> [WHAT YOU ARE ASKED TO DO] Among the entries, which lines carry the string "view"? Copy every one.

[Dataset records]
-------

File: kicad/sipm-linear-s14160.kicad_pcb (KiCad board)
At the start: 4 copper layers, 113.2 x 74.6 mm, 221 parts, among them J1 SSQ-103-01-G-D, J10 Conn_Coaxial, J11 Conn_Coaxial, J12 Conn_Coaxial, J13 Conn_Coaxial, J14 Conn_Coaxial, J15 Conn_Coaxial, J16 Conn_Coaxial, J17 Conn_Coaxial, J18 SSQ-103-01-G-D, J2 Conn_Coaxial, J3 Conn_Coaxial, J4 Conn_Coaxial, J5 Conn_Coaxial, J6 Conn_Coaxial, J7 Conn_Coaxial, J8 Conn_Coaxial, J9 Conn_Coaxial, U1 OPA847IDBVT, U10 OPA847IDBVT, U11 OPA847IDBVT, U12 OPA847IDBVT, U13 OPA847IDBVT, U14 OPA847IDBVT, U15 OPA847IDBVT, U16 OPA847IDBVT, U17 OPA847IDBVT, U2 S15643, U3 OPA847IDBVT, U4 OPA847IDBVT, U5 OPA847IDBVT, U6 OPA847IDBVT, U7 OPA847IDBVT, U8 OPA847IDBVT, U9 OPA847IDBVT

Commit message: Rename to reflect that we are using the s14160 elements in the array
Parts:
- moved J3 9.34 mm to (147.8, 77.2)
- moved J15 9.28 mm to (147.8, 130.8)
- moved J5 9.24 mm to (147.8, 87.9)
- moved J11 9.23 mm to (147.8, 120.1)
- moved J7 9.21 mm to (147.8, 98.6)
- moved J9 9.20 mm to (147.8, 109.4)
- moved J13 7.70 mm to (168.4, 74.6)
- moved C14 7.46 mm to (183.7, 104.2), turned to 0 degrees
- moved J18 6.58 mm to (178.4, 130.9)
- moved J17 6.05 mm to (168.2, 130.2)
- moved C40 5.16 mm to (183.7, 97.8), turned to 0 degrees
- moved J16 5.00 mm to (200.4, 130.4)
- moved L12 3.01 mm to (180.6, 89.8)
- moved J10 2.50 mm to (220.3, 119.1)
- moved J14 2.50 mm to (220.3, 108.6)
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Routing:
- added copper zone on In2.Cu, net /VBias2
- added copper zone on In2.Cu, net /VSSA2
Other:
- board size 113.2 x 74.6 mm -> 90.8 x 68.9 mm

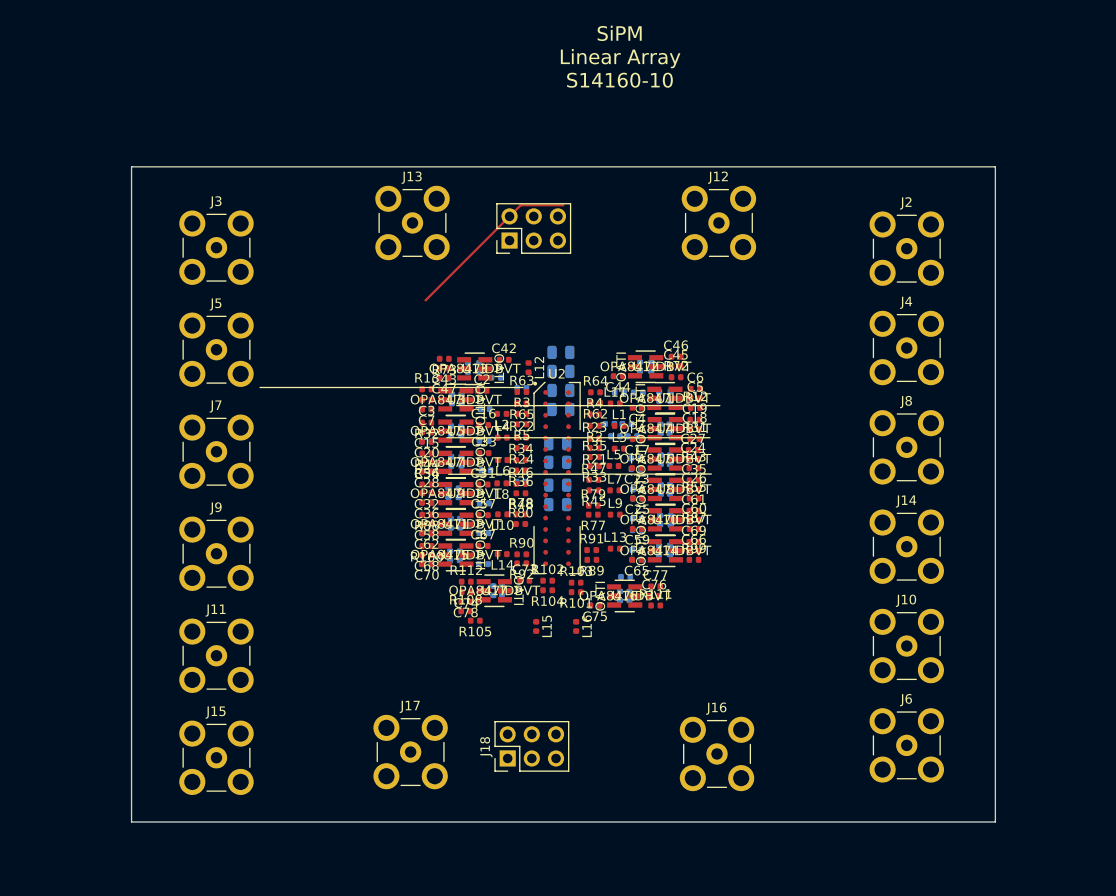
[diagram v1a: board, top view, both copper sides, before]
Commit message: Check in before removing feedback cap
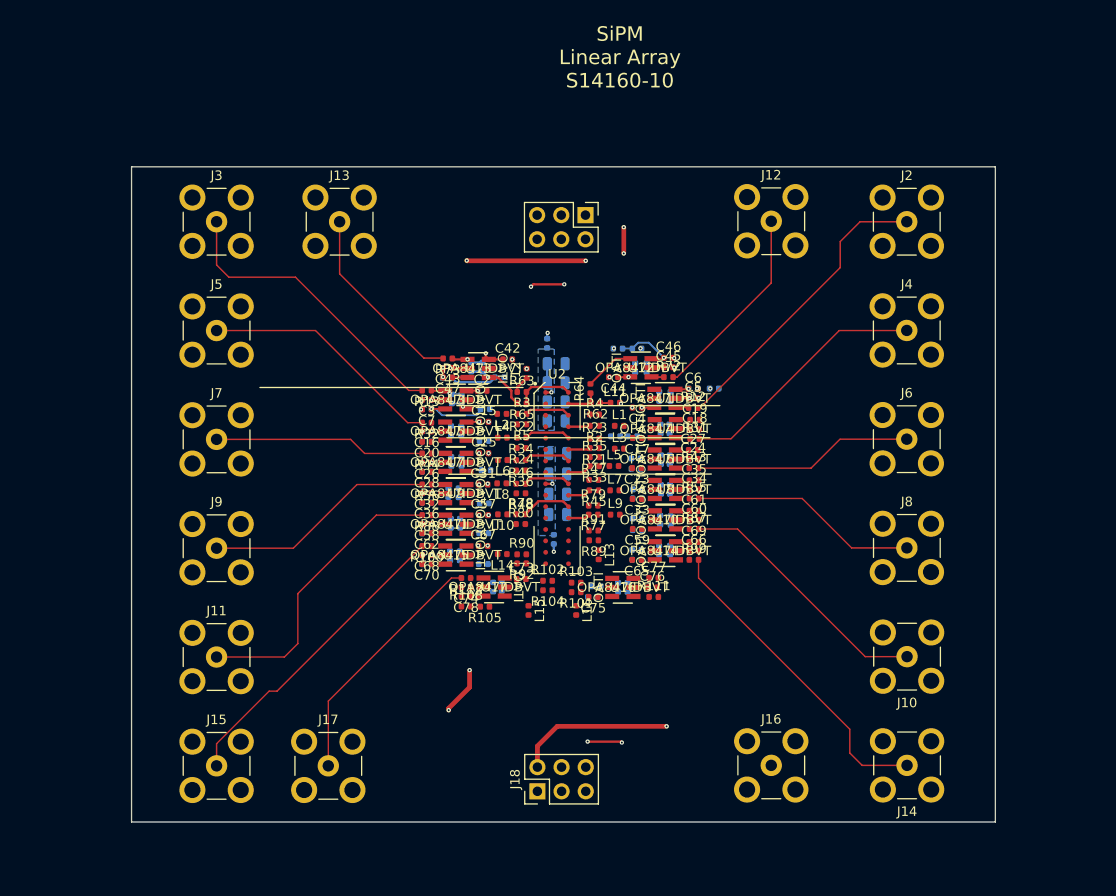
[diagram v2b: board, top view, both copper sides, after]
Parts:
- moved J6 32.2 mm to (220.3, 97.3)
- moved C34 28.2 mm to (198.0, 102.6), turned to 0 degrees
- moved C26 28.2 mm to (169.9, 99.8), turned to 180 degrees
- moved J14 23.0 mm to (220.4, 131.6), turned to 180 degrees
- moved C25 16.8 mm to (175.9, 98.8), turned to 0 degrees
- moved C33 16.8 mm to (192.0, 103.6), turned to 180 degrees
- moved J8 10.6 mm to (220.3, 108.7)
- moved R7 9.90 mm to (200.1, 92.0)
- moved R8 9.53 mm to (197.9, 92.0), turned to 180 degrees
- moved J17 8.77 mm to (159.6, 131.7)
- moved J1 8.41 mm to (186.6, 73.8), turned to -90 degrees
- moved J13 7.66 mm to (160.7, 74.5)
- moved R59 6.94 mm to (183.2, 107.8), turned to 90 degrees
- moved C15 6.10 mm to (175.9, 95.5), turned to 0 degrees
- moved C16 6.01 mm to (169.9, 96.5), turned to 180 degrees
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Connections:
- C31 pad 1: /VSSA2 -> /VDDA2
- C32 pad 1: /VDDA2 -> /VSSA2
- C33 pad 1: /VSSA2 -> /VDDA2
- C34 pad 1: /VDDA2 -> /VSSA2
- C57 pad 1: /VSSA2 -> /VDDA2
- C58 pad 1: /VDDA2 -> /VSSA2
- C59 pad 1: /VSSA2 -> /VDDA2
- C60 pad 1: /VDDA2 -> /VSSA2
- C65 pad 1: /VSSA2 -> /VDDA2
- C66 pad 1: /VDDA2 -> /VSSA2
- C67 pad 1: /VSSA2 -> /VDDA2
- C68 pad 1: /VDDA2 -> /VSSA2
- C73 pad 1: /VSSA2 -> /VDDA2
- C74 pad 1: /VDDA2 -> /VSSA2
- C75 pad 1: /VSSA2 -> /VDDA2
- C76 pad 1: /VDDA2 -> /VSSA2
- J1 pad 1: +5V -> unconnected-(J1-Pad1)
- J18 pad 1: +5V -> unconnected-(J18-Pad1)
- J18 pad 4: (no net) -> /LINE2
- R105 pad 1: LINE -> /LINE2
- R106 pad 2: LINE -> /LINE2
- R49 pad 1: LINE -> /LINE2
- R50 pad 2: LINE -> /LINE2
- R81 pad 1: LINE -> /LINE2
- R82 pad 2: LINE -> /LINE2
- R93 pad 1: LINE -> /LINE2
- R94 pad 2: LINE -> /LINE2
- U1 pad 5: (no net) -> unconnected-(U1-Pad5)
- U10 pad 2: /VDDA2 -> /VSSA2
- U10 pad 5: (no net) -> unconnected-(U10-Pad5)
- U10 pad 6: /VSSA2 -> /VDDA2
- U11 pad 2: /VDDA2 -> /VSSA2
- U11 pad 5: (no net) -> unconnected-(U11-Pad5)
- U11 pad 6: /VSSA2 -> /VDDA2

-------

> [EXERCISE OUTPUT]
[diagram v1a: board, top view, both copper sides, before]
[diagram v2b: board, top view, both copper sides, after]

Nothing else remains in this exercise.